I travel in a circle

At the end of the previous post I wrote that although the relationship the Indigenous People of Australia have with Country is “similar to the relationship the Indigenous People of America had with their land, it is unlike it in subtle ways that are difficult for me to express.” Nevertheless, that’s the goal of the coming posts. (I’ve chosen to use North America’s First People mainly because of their cultural and spiritual similarities with Australia’s First People, because many Australians drew this comparison, but also because I think many readers have some degree of familiarity with Native American Culture.)

As I begin, please keep in mind the Acknowledgement of Country I included in the initial post in this series. It holds great relevance with regard to this subject. It was:

The travels reported in this journal will take me through places cared for by many family and language groups who are traditional caretakers and custodians of Country through their continuing connection to land, sea, air, culture and community.
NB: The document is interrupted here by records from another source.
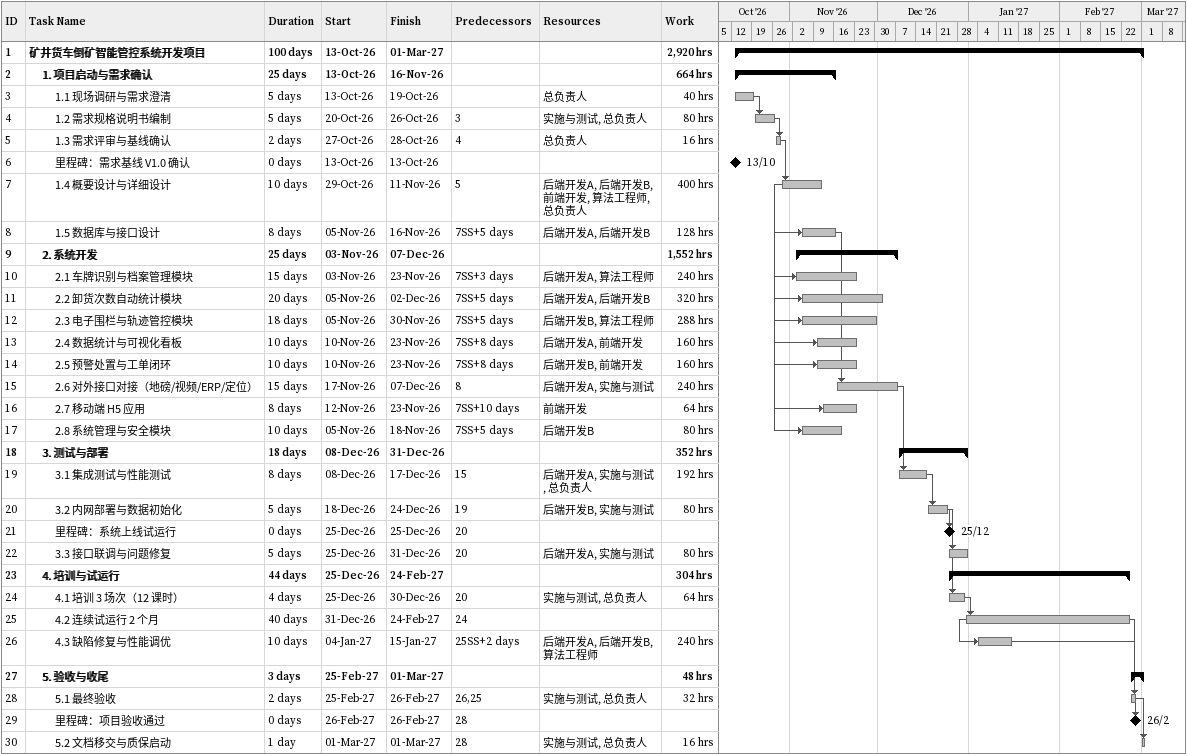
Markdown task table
| ID | Level | Task | Duration | Start | Finish | Predecessors | Resources | Work (h) |
|---|---|---|---|---|---|---|---|---|
| 1 | 1 | **矿井货车倒矿智能管控系统开发项目** | 100d | 2026-10-13 | 2027-03-01 |  |  | 2920 |
| 2 | 2 | **1. 项目启动与需求确认** | 25d | 2026-10-13 | 2026-11-16 |  |  | 664 |
| 3 | 3 | 1.1 现场调研与需求澄清 | 5d | 2026-10-13 | 2026-10-19 |  | 总负责人 | 40 |
| 4 | 3 | 1.2 需求规格说明书编制 | 5d | 2026-10-20 | 2026-10-26 | 3 | 实施与测试, 总负责人 | 80 |
| 5 | 3 | 1.3 需求评审与基线确认 | 2d | 2026-10-27 | 2026-10-28 | 4 | 总负责人 | 16 |
| 6 | 3 | 里程碑：需求基线 V1.0 确认 | 0d | 2026-10-13 | 2026-10-13 |  |  |  |
| 7 | 3 | 1.4 概要设计与详细设计 | 10d | 2026-10-29 | 2026-11-11 | 5 | 后端开发A, 后端开发B, 前端开发, 算法工程师, 总负责人 | 400 |
| 8 | 3 | 1.5 数据库与接口设计 | 8d | 2026-11-05 | 2026-11-16 | 7SS+5d | 后端开发A, 后端开发B | 128 |
| 9 | 2 | **2. 系统开发** | 25d | 2026-11-03 | 2026-12-07 |  |  | 1552 |
| 10 | 3 | 2.1 车牌识别与档案管理模块 | 15d | 2026-11-03 | 2026-11-23 | 7SS+3d | 后端开发A, 算法工程师 | 240 |
| 11 | 3 | 2.2 卸货次数自动统计模块 | 20d | 2026-11-05 | 2026-12-02 | 7SS+5d | 后端开发A, 后端开发B | 320 |
| 12 | 3 | 2.3 电子围栏与轨迹管控模块 | 18d | 2026-11-05 | 2026-11-30 | 7SS+5d | 后端开发B, 算法工程师 | 288 |
| 13 | 3 | 2.4 数据统计与可视化看板 | 10d | 2026-11-10 | 2026-11-23 | 7SS+8d | 后端开发A, 前端开发 | 160 |
| 14 | 3 | 2.5 预警处置与工单闭环 | 10d | 2026-11-10 | 2026-11-23 | 7SS+8d | 后端开发B, 前端开发 | 160 |
| 15 | 3 | 2.6 对外接口对接（地磅/视频/ERP/定位） | 15d | 2026-11-17 | 2026-12-07 | 8 | 后端开发A, 实施与测试 | 240 |
| 16 | 3 | 2.7 移动端 H5 应用 | 8d | 2026-11-12 | 2026-11-23 | 7SS+10d | 前端开发 | 64 |
| 17 | 3 | 2.8 系统管理与安全模块 | 10d | 2026-11-05 | 2026-11-18 | 7SS+5d | 后端开发B | 80 |
| 18 | 2 | **3. 测试与部署** | 18d | 2026-12-08 | 2026-12-31 |  |  | 352 |
| 19 | 3 | 3.1 集成测试与性能测试 | 8d | 2026-12-08 | 2026-12-17 | 15 | 后端开发A, 实施与测试, 总负责人 | 192 |
| 20 | 3 | 3.2 内网部署与数据初始化 | 5d | 2026-12-18 | 2026-12-24 | 19 | 后端开发B, 实施与测试 | 80 |
| 21 | 3 | 里程碑：系统上线试运行 | 0d | 2026-12-25 | 2026-12-25 | 20 |  |  |
| 22 | 3 | 3.3 接口联调与问题修复 | 5d | 2026-12-25 | 2026-12-31 | 20 | 后端开发A, 实施与测试 | 80 |
| 23 | 2 | **4. 培训与试运行** | 44d | 2026-12-25 | 2027-02-24 |  |  | 304 |
| 24 | 3 | 4.1 培训 3 场次（12 课时） | 4d | 2026-12-25 | 2026-12-30 | 20 | 实施与测试, 总负责人 | 64 |
| 25 | 3 | 4.2 连续试运行 2 个月 | 40d | 2026-12-31 | 2027-02-24 | 24 |  |  |
| 26 | 3 | 4.3 缺陷修复与性能调优 | 10d | 2027-01-04 | 2027-01-15 | 25SS+2d | 后端开发A, 后端开发B, 算法工程师 | 240 |
| 27 | 2 | **5. 验收与收尾** | 3d | 2027-02-25 | 2027-03-01 |  |  | 48 |
| 28 | 3 | 5.1 最终验收 | 2d | 2027-02-25 | 2027-02-26 | 26, 25 | 实施与测试, 总负责人 | 32 |
| 29 | 3 | 里程碑：项目验收通过 | 0d | 2027-02-26 | 2027-02-26 | 28 |  |  |
| 30 | 3 | 5.2 文档移交与质保启动 | 1d | 2027-03-01 | 2027-03-01 | 28 | 实施与测试, 总负责人 | 16 |

I acknowledge the custodianship and care of Country by all Aboriginal and Torres Strait Islander People and offer my respect to all Elders past, present, and emerging.

Looking at the ground to turn things up

As always, I believe establishing a foundation and providing context are crucial factors in gaining an understanding of new concepts and information so please bear with me as I try to add some historical perspective. In that same first post, I included this Digital Classroom map of Australia.

It’s important now to look at this map produced by the Australian Institute of Aboriginal and Torres Strait Islander Studies (AIATSIS).

According to their disclaimer the map, “is not intended to be exact” but it does serve, “as a reminder of the richness and diversity of Aboriginal and Torres Strait Islander Australia.” I haven’t counted the number of groups on this map but estimates range from as few as 300 to as many as 500 distinct language groups. There’s uncertainty because we must rely on oral traditions and we don’t know if or when some groups might have consolidated but we certainly know some have been lost to time and conquest.

How long has this been going on?

(Through the mists of time.)

As I’ve been considering what I think I understand about the comparative cultures of Native Americans and First People of Australia and trying to find the language to describe the similarities (but more importantly the differences) my brain needed to discern a reason. I can’t say that there’s any validity to the position I’m about to take and I don’t know if there’s any research to support my supposition so please keep that in mind as you read.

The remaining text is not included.